Report, from the records below, every line where the word "file" appears.

Exercise data START

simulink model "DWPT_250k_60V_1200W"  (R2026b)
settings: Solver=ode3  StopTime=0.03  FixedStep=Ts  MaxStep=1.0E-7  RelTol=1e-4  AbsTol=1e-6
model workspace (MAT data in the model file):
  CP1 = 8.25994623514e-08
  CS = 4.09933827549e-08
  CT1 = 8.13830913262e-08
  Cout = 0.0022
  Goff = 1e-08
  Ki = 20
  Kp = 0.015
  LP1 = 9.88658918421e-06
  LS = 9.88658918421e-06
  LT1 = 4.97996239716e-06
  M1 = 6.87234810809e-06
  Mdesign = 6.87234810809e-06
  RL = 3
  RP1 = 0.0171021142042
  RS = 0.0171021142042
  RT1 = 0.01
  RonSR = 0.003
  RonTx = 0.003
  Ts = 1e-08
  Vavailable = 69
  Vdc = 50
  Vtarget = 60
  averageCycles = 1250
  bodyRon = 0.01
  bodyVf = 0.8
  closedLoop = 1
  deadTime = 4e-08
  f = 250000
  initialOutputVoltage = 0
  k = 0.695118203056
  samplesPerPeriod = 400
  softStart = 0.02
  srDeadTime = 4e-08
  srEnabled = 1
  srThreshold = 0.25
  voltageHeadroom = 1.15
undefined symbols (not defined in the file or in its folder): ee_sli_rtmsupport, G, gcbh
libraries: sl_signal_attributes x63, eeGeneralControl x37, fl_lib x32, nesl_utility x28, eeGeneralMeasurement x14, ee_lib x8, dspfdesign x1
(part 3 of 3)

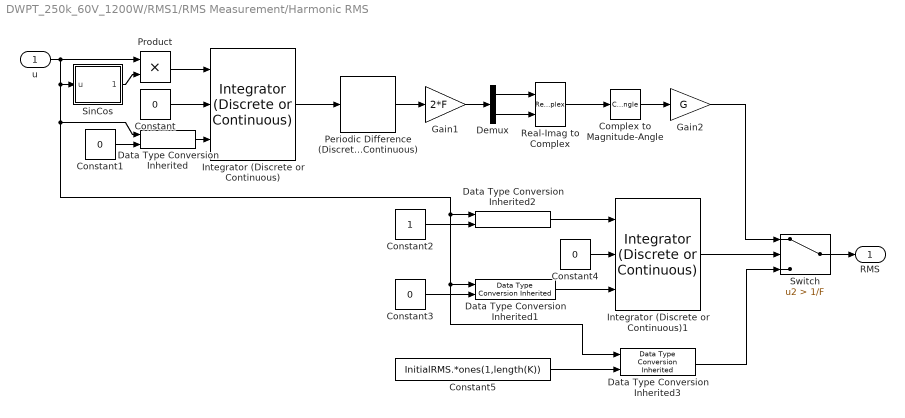
== system DWPT_250k_60V_1200W/RMS1/RMS Measurement/Harmonic RMS ==
  u : Inport
  Complex to Magnitude-Angle : ComplexToMagnitudeAngle  Output=Magnitude
  Constant{,1,3..4} (4 alike) : Constant  Value=0
  Constant2 : Constant
  Constant5 : Constant  Value=InitialRMS.*ones(1,length(K))
  Data Type Conversion Inherited{,1..3} (4 alike) : sl_signal_attributes/Data Type Conversion Inherited  ConvertRealWorld=Real World Value  DoSatur=off
  Demux : Demux  Outputs=2
  Gain1 : Gain  Gain=2*F
  Gain2 : Gain  Gain=G
  Integrator (Discrete or Continuous) : eeGeneralControl/Integrator (Discrete or Continuous)  LabelModeActiveChoice=Continuous  IntegratorMethod=Integration: Forward Euler  ExternalReset=level  LimitType=Anti-windup  B=inf  A=-inf  Ts=Ts
  Integrator (Discrete or Continuous)1 : eeGeneralControl/Integrator (Discrete or Continuous)  LabelModeActiveChoice=Continuous  IntegratorMethod=Integration: Forward Euler  ExternalReset=level  LimitType=Anti-windup  B=2/F  A=-inf  Ts=Ts
  Periodic Difference (Discrete or Continuous) : eeGeneralMeasurement/Periodic Difference (Discrete or Continuous)  LabelModeActiveChoice=Continuous  F=F  Ts=Ts
      link override Continuous/Transport Delay: BufferSize=2^nextpow2(samplesPerPeriod*averageCycles+1024)
  Product : Product
  Real-Imag to Complex : RealImagToComplex
  SinCos : Subsystem
  Switch : Switch  Criteria=u2 > Threshold  Threshold=1/F  SaturateOnIntegerOverflow=off  InputSameDT=off
  RMS : Outport  VectorParamsAs1DForOutWhenUnconnected=off
  wires:
  Switch/1 -> RMS/1
  Gain2/1 -> Switch/1
  Constant2/1 -> Data Type Conversion Inherited2/2
  Constant3/1 -> Data Type Conversion Inherited1/2
  Constant4/1 -> Integrator (Discrete or Continuous)1/2
  Data Type Conversion Inherited3/1 -> Switch/3
  Constant5/1 -> Data Type Conversion Inherited3/2
  Data Type Conversion Inherited2/1 -> Integrator (Discrete or Continuous)1/1
  Data Type Conversion Inherited1/1 -> Integrator (Discrete or Continuous)1/3
  Integrator (Discrete or Continuous)1/1 -> Switch/2
  Constant1/1 -> Data Type Conversion Inherited/2
  Data Type Conversion Inherited/1 -> Integrator (Discrete or Continuous)/3
  Integrator (Discrete or Continuous)/1 -> Periodic Difference (Discrete or Continuous)/1
  Constant/1 -> Integrator (Discrete or Continuous)/2
  Demux/2 -> Real-Imag to Complex/2
  u/1 -> SinCos/1(u), Data Type Conversion Inherited/1, Data Type Conversion Inherited2/1, Data Type Conversion Inherited1/1, Data Type Conversion Inherited3/1, Product/1
  Periodic Difference (Discrete or Continuous)/1 -> Gain1/1
  Real-Imag to Complex/1 -> Complex to Magnitude-Angle/1
  Demux/1 -> Real-Imag to Complex/1
  SinCos/1(SinCos) -> Product/2
  Gain1/1 -> Demux/1
  Product/1 -> Integrator (Discrete or Continuous)/1
  Complex to Magnitude-Angle/1 -> Gain2/1

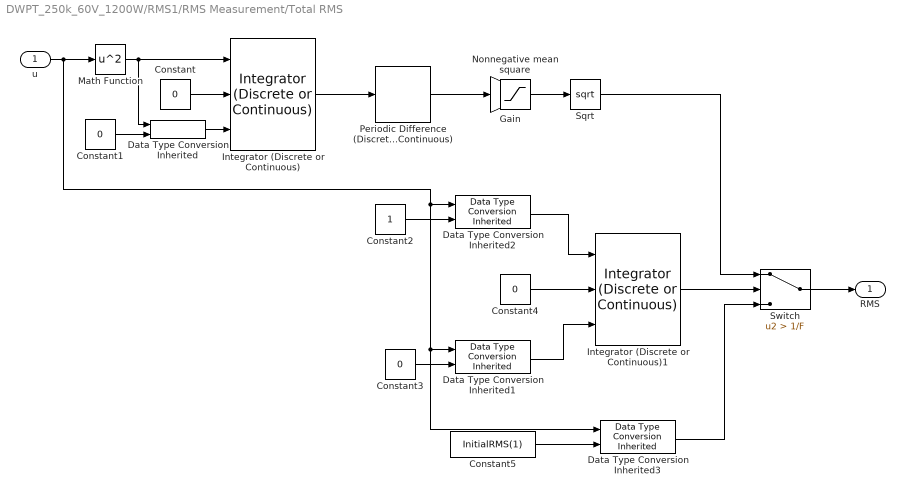
== system DWPT_250k_60V_1200W/RMS1/RMS Measurement/Total RMS ==
  u : Inport
  Constant{,1,3..4} (4 alike) : Constant  Value=0
  Constant2 : Constant
  Constant5 : Constant  Value=InitialRMS(1)
  Data Type Conversion Inherited{,1..3} (4 alike) : sl_signal_attributes/Data Type Conversion Inherited  ConvertRealWorld=Real World Value  DoSatur=off
  Gain : Gain  Gain=F
  Integrator (Discrete or Continuous) : eeGeneralControl/Integrator (Discrete or Continuous)  LabelModeActiveChoice=Continuous  IntegratorMethod=Integration: Forward Euler  ExternalReset=level  LimitType=Anti-windup  B=inf  A=-inf  Ts=Ts
  Integrator (Discrete or Continuous)1 : eeGeneralControl/Integrator (Discrete or Continuous)  LabelModeActiveChoice=Continuous  IntegratorMethod=Integration: Forward Euler  ExternalReset=level  LimitType=Anti-windup  B=2/F  A=-inf  Ts=Ts
  Math Function : Math  Operator=square  SignedPower=on
  Nonnegative mean square : Saturate  UpperLimit=inf  LowerLimit=0
  Periodic Difference (Discrete or Continuous) : eeGeneralMeasurement/Periodic Difference (Discrete or Continuous)  LabelModeActiveChoice=Continuous  F=F  Ts=Ts
      link override Continuous/Transport Delay: BufferSize=2^nextpow2(samplesPerPeriod*averageCycles+1024)
  Sqrt : Sqrt
  Switch : Switch  Criteria=u2 > Threshold  Threshold=1/F  SaturateOnIntegerOverflow=off  InputSameDT=off
  RMS : Outport  VectorParamsAs1DForOutWhenUnconnected=off
  wires:
  Sqrt/1 -> Switch/1
  Switch/1 -> RMS/1
  Constant2/1 -> Data Type Conversion Inherited2/2
  Constant3/1 -> Data Type Conversion Inherited1/2
  Constant4/1 -> Integrator (Discrete or Continuous)1/2
  Data Type Conversion Inherited3/1 -> Switch/3
  Constant5/1 -> Data Type Conversion Inherited3/2
  Data Type Conversion Inherited2/1 -> Integrator (Discrete or Continuous)1/1
  Data Type Conversion Inherited1/1 -> Integrator (Discrete or Continuous)1/3
  Integrator (Discrete or Continuous)1/1 -> Switch/2
  Constant1/1 -> Data Type Conversion Inherited/2
  Data Type Conversion Inherited/1 -> Integrator (Discrete or Continuous)/3
  Periodic Difference (Discrete or Continuous)/1 -> Gain/1
  Integrator (Discrete or Continuous)/1 -> Periodic Difference (Discrete or Continuous)/1
  u/1 -> Math Function/1, Data Type Conversion Inherited2/1, Data Type Conversion Inherited3/1, Data Type Conversion Inherited1/1
  Math Function/1 -> Integrator (Discrete or Continuous)/1, Data Type Conversion Inherited/1
  Constant/1 -> Integrator (Discrete or Continuous)/2
  Gain/1 -> Nonnegative mean square/1
  Nonnegative mean square/1 -> Sqrt/1

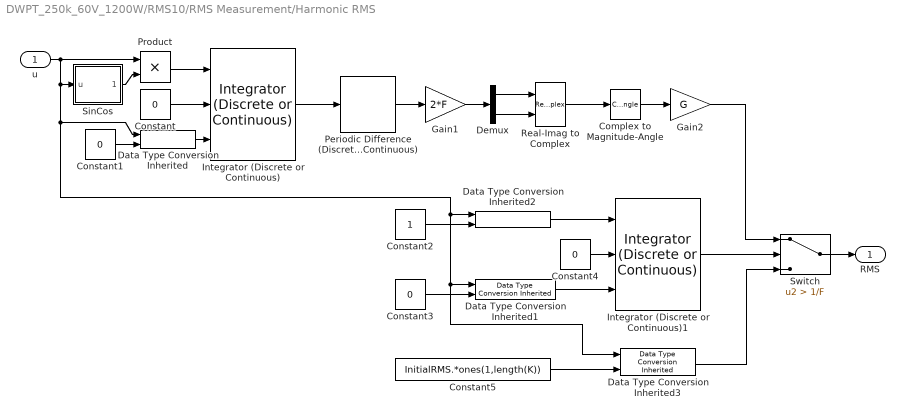
== system DWPT_250k_60V_1200W/RMS10/RMS Measurement/Harmonic RMS ==
  u : Inport
  Complex to Magnitude-Angle : ComplexToMagnitudeAngle  Output=Magnitude
  Constant{,1,3..4} (4 alike) : Constant  Value=0
  Constant2 : Constant
  Constant5 : Constant  Value=InitialRMS.*ones(1,length(K))
  Data Type Conversion Inherited{,1..3} (4 alike) : sl_signal_attributes/Data Type Conversion Inherited  ConvertRealWorld=Real World Value  DoSatur=off
  Demux : Demux  Outputs=2
  Gain1 : Gain  Gain=2*F
  Gain2 : Gain  Gain=G
  Integrator (Discrete or Continuous) : eeGeneralControl/Integrator (Discrete or Continuous)  LabelModeActiveChoice=Continuous  IntegratorMethod=Integration: Forward Euler  ExternalReset=level  LimitType=Anti-windup  B=inf  A=-inf  Ts=Ts
  Integrator (Discrete or Continuous)1 : eeGeneralControl/Integrator (Discrete or Continuous)  LabelModeActiveChoice=Continuous  IntegratorMethod=Integration: Forward Euler  ExternalReset=level  LimitType=Anti-windup  B=2/F  A=-inf  Ts=Ts
  Periodic Difference (Discrete or Continuous) : eeGeneralMeasurement/Periodic Difference (Discrete or Continuous)  LabelModeActiveChoice=Continuous  F=F  Ts=Ts
      link override Continuous/Transport Delay: BufferSize=2^nextpow2(samplesPerPeriod*averageCycles+1024)
  Product : Product
  Real-Imag to Complex : RealImagToComplex
  SinCos : Subsystem
  Switch : Switch  Criteria=u2 > Threshold  Threshold=1/F  SaturateOnIntegerOverflow=off  InputSameDT=off
  RMS : Outport  VectorParamsAs1DForOutWhenUnconnected=off
  wires:
  Switch/1 -> RMS/1
  Gain2/1 -> Switch/1
  Constant2/1 -> Data Type Conversion Inherited2/2
  Constant3/1 -> Data Type Conversion Inherited1/2
  Constant4/1 -> Integrator (Discrete or Continuous)1/2
  Data Type Conversion Inherited3/1 -> Switch/3
  Constant5/1 -> Data Type Conversion Inherited3/2
  Data Type Conversion Inherited2/1 -> Integrator (Discrete or Continuous)1/1
  Data Type Conversion Inherited1/1 -> Integrator (Discrete or Continuous)1/3
  Integrator (Discrete or Continuous)1/1 -> Switch/2
  Constant1/1 -> Data Type Conversion Inherited/2
  Data Type Conversion Inherited/1 -> Integrator (Discrete or Continuous)/3
  Integrator (Discrete or Continuous)/1 -> Periodic Difference (Discrete or Continuous)/1
  Constant/1 -> Integrator (Discrete or Continuous)/2
  Demux/2 -> Real-Imag to Complex/2
  u/1 -> SinCos/1(u), Data Type Conversion Inherited/1, Data Type Conversion Inherited2/1, Data Type Conversion Inherited1/1, Data Type Conversion Inherited3/1, Product/1
  Periodic Difference (Discrete or Continuous)/1 -> Gain1/1
  Real-Imag to Complex/1 -> Complex to Magnitude-Angle/1
  Demux/1 -> Real-Imag to Complex/1
  SinCos/1(SinCos) -> Product/2
  Gain1/1 -> Demux/1
  Product/1 -> Integrator (Discrete or Continuous)/1
  Complex to Magnitude-Angle/1 -> Gain2/1

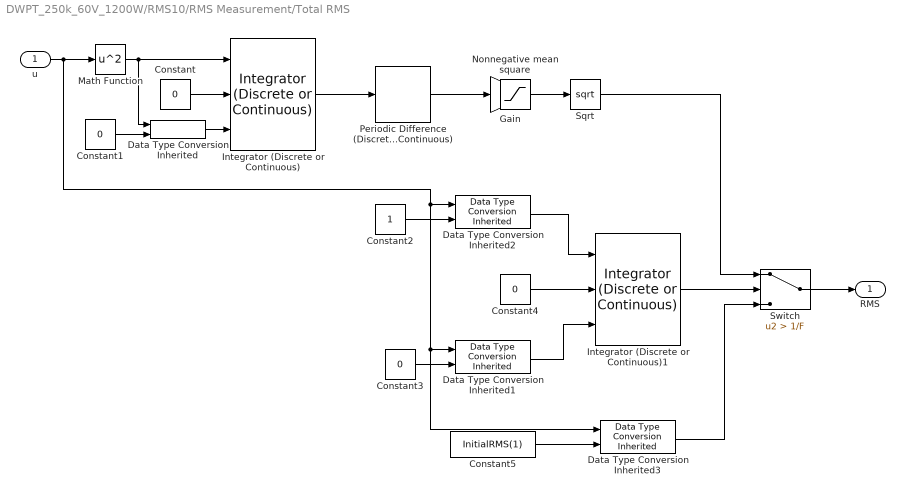
== system DWPT_250k_60V_1200W/RMS10/RMS Measurement/Total RMS ==
  u : Inport
  Constant{,1,3..4} (4 alike) : Constant  Value=0
  Constant2 : Constant
  Constant5 : Constant  Value=InitialRMS(1)
  Data Type Conversion Inherited{,1..3} (4 alike) : sl_signal_attributes/Data Type Conversion Inherited  ConvertRealWorld=Real World Value  DoSatur=off
  Gain : Gain  Gain=F
  Integrator (Discrete or Continuous) : eeGeneralControl/Integrator (Discrete or Continuous)  LabelModeActiveChoice=Continuous  IntegratorMethod=Integration: Forward Euler  ExternalReset=level  LimitType=Anti-windup  B=inf  A=-inf  Ts=Ts
  Integrator (Discrete or Continuous)1 : eeGeneralControl/Integrator (Discrete or Continuous)  LabelModeActiveChoice=Continuous  IntegratorMethod=Integration: Forward Euler  ExternalReset=level  LimitType=Anti-windup  B=2/F  A=-inf  Ts=Ts
  Math Function : Math  Operator=square  SignedPower=on
  Nonnegative mean square : Saturate  UpperLimit=inf  LowerLimit=0
  Periodic Difference (Discrete or Continuous) : eeGeneralMeasurement/Periodic Difference (Discrete or Continuous)  LabelModeActiveChoice=Continuous  F=F  Ts=Ts
      link override Continuous/Transport Delay: BufferSize=2^nextpow2(samplesPerPeriod*averageCycles+1024)
  Sqrt : Sqrt
  Switch : Switch  Criteria=u2 > Threshold  Threshold=1/F  SaturateOnIntegerOverflow=off  InputSameDT=off
  RMS : Outport  VectorParamsAs1DForOutWhenUnconnected=off
  wires:
  Sqrt/1 -> Switch/1
  Switch/1 -> RMS/1
  Constant2/1 -> Data Type Conversion Inherited2/2
  Constant3/1 -> Data Type Conversion Inherited1/2
  Constant4/1 -> Integrator (Discrete or Continuous)1/2
  Data Type Conversion Inherited3/1 -> Switch/3
  Constant5/1 -> Data Type Conversion Inherited3/2
  Data Type Conversion Inherited2/1 -> Integrator (Discrete or Continuous)1/1
  Data Type Conversion Inherited1/1 -> Integrator (Discrete or Continuous)1/3
  Integrator (Discrete or Continuous)1/1 -> Switch/2
  Constant1/1 -> Data Type Conversion Inherited/2
  Data Type Conversion Inherited/1 -> Integrator (Discrete or Continuous)/3
  Periodic Difference (Discrete or Continuous)/1 -> Gain/1
  Integrator (Discrete or Continuous)/1 -> Periodic Difference (Discrete or Continuous)/1
  u/1 -> Math Function/1, Data Type Conversion Inherited2/1, Data Type Conversion Inherited3/1, Data Type Conversion Inherited1/1
  Math Function/1 -> Integrator (Discrete or Continuous)/1, Data Type Conversion Inherited/1
  Constant/1 -> Integrator (Discrete or Continuous)/2
  Gain/1 -> Nonnegative mean square/1
  Nonnegative mean square/1 -> Sqrt/1

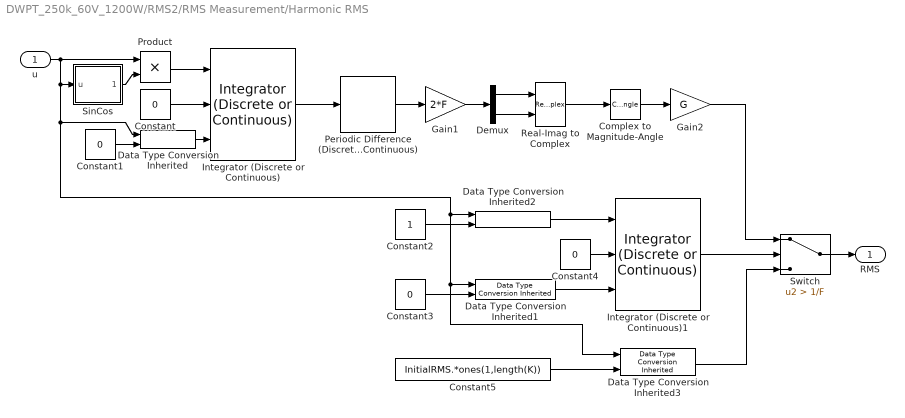
== system DWPT_250k_60V_1200W/RMS2/RMS Measurement/Harmonic RMS ==
  u : Inport
  Complex to Magnitude-Angle : ComplexToMagnitudeAngle  Output=Magnitude
  Constant{,1,3..4} (4 alike) : Constant  Value=0
  Constant2 : Constant
  Constant5 : Constant  Value=InitialRMS.*ones(1,length(K))
  Data Type Conversion Inherited{,1..3} (4 alike) : sl_signal_attributes/Data Type Conversion Inherited  ConvertRealWorld=Real World Value  DoSatur=off
  Demux : Demux  Outputs=2
  Gain1 : Gain  Gain=2*F
  Gain2 : Gain  Gain=G
  Integrator (Discrete or Continuous) : eeGeneralControl/Integrator (Discrete or Continuous)  LabelModeActiveChoice=Continuous  IntegratorMethod=Integration: Forward Euler  ExternalReset=level  LimitType=Anti-windup  B=inf  A=-inf  Ts=Ts
  Integrator (Discrete or Continuous)1 : eeGeneralControl/Integrator (Discrete or Continuous)  LabelModeActiveChoice=Continuous  IntegratorMethod=Integration: Forward Euler  ExternalReset=level  LimitType=Anti-windup  B=2/F  A=-inf  Ts=Ts
  Periodic Difference (Discrete or Continuous) : eeGeneralMeasurement/Periodic Difference (Discrete or Continuous)  LabelModeActiveChoice=Continuous  F=F  Ts=Ts
      link override Continuous/Transport Delay: BufferSize=2^nextpow2(samplesPerPeriod*averageCycles+1024)
  Product : Product
  Real-Imag to Complex : RealImagToComplex
  SinCos : Subsystem
  Switch : Switch  Criteria=u2 > Threshold  Threshold=1/F  SaturateOnIntegerOverflow=off  InputSameDT=off
  RMS : Outport  VectorParamsAs1DForOutWhenUnconnected=off
  wires:
  Switch/1 -> RMS/1
  Gain2/1 -> Switch/1
  Constant2/1 -> Data Type Conversion Inherited2/2
  Constant3/1 -> Data Type Conversion Inherited1/2
  Constant4/1 -> Integrator (Discrete or Continuous)1/2
  Data Type Conversion Inherited3/1 -> Switch/3
  Constant5/1 -> Data Type Conversion Inherited3/2
  Data Type Conversion Inherited2/1 -> Integrator (Discrete or Continuous)1/1
  Data Type Conversion Inherited1/1 -> Integrator (Discrete or Continuous)1/3
  Integrator (Discrete or Continuous)1/1 -> Switch/2
  Constant1/1 -> Data Type Conversion Inherited/2
  Data Type Conversion Inherited/1 -> Integrator (Discrete or Continuous)/3
  Integrator (Discrete or Continuous)/1 -> Periodic Difference (Discrete or Continuous)/1
  Constant/1 -> Integrator (Discrete or Continuous)/2
  Demux/2 -> Real-Imag to Complex/2
  u/1 -> SinCos/1(u), Data Type Conversion Inherited/1, Data Type Conversion Inherited2/1, Data Type Conversion Inherited1/1, Data Type Conversion Inherited3/1, Product/1
  Periodic Difference (Discrete or Continuous)/1 -> Gain1/1
  Real-Imag to Complex/1 -> Complex to Magnitude-Angle/1
  Demux/1 -> Real-Imag to Complex/1
  SinCos/1(SinCos) -> Product/2
  Gain1/1 -> Demux/1
  Product/1 -> Integrator (Discrete or Continuous)/1
  Complex to Magnitude-Angle/1 -> Gain2/1

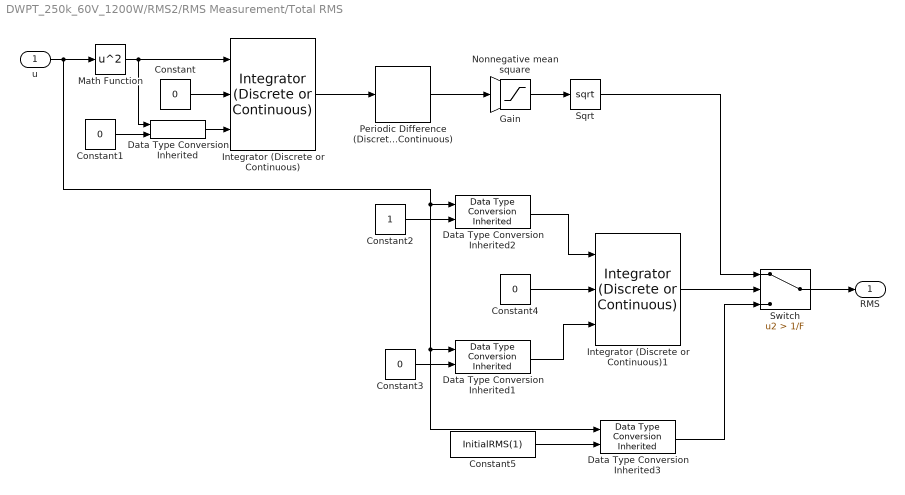
== system DWPT_250k_60V_1200W/RMS2/RMS Measurement/Total RMS ==
  u : Inport
  Constant{,1,3..4} (4 alike) : Constant  Value=0
  Constant2 : Constant
  Constant5 : Constant  Value=InitialRMS(1)
  Data Type Conversion Inherited{,1..3} (4 alike) : sl_signal_attributes/Data Type Conversion Inherited  ConvertRealWorld=Real World Value  DoSatur=off
  Gain : Gain  Gain=F
  Integrator (Discrete or Continuous) : eeGeneralControl/Integrator (Discrete or Continuous)  LabelModeActiveChoice=Continuous  IntegratorMethod=Integration: Forward Euler  ExternalReset=level  LimitType=Anti-windup  B=inf  A=-inf  Ts=Ts
  Integrator (Discrete or Continuous)1 : eeGeneralControl/Integrator (Discrete or Continuous)  LabelModeActiveChoice=Continuous  IntegratorMethod=Integration: Forward Euler  ExternalReset=level  LimitType=Anti-windup  B=2/F  A=-inf  Ts=Ts
  Math Function : Math  Operator=square  SignedPower=on
  Nonnegative mean square : Saturate  UpperLimit=inf  LowerLimit=0
  Periodic Difference (Discrete or Continuous) : eeGeneralMeasurement/Periodic Difference (Discrete or Continuous)  LabelModeActiveChoice=Continuous  F=F  Ts=Ts
      link override Continuous/Transport Delay: BufferSize=2^nextpow2(samplesPerPeriod*averageCycles+1024)
  Sqrt : Sqrt
  Switch : Switch  Criteria=u2 > Threshold  Threshold=1/F  SaturateOnIntegerOverflow=off  InputSameDT=off
  RMS : Outport  VectorParamsAs1DForOutWhenUnconnected=off
  wires:
  Sqrt/1 -> Switch/1
  Switch/1 -> RMS/1
  Constant2/1 -> Data Type Conversion Inherited2/2
  Constant3/1 -> Data Type Conversion Inherited1/2
  Constant4/1 -> Integrator (Discrete or Continuous)1/2
  Data Type Conversion Inherited3/1 -> Switch/3
  Constant5/1 -> Data Type Conversion Inherited3/2
  Data Type Conversion Inherited2/1 -> Integrator (Discrete or Continuous)1/1
  Data Type Conversion Inherited1/1 -> Integrator (Discrete or Continuous)1/3
  Integrator (Discrete or Continuous)1/1 -> Switch/2
  Constant1/1 -> Data Type Conversion Inherited/2
  Data Type Conversion Inherited/1 -> Integrator (Discrete or Continuous)/3
  Periodic Difference (Discrete or Continuous)/1 -> Gain/1
  Integrator (Discrete or Continuous)/1 -> Periodic Difference (Discrete or Continuous)/1
  u/1 -> Math Function/1, Data Type Conversion Inherited2/1, Data Type Conversion Inherited3/1, Data Type Conversion Inherited1/1
  Math Function/1 -> Integrator (Discrete or Continuous)/1, Data Type Conversion Inherited/1
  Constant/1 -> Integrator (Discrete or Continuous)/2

Exercise data END

| Answer space |
model workspace (MAT data in the model file):
undefined symbols (not defined in the file or in its folder): ee_sli_rtmsupport, G, gcbh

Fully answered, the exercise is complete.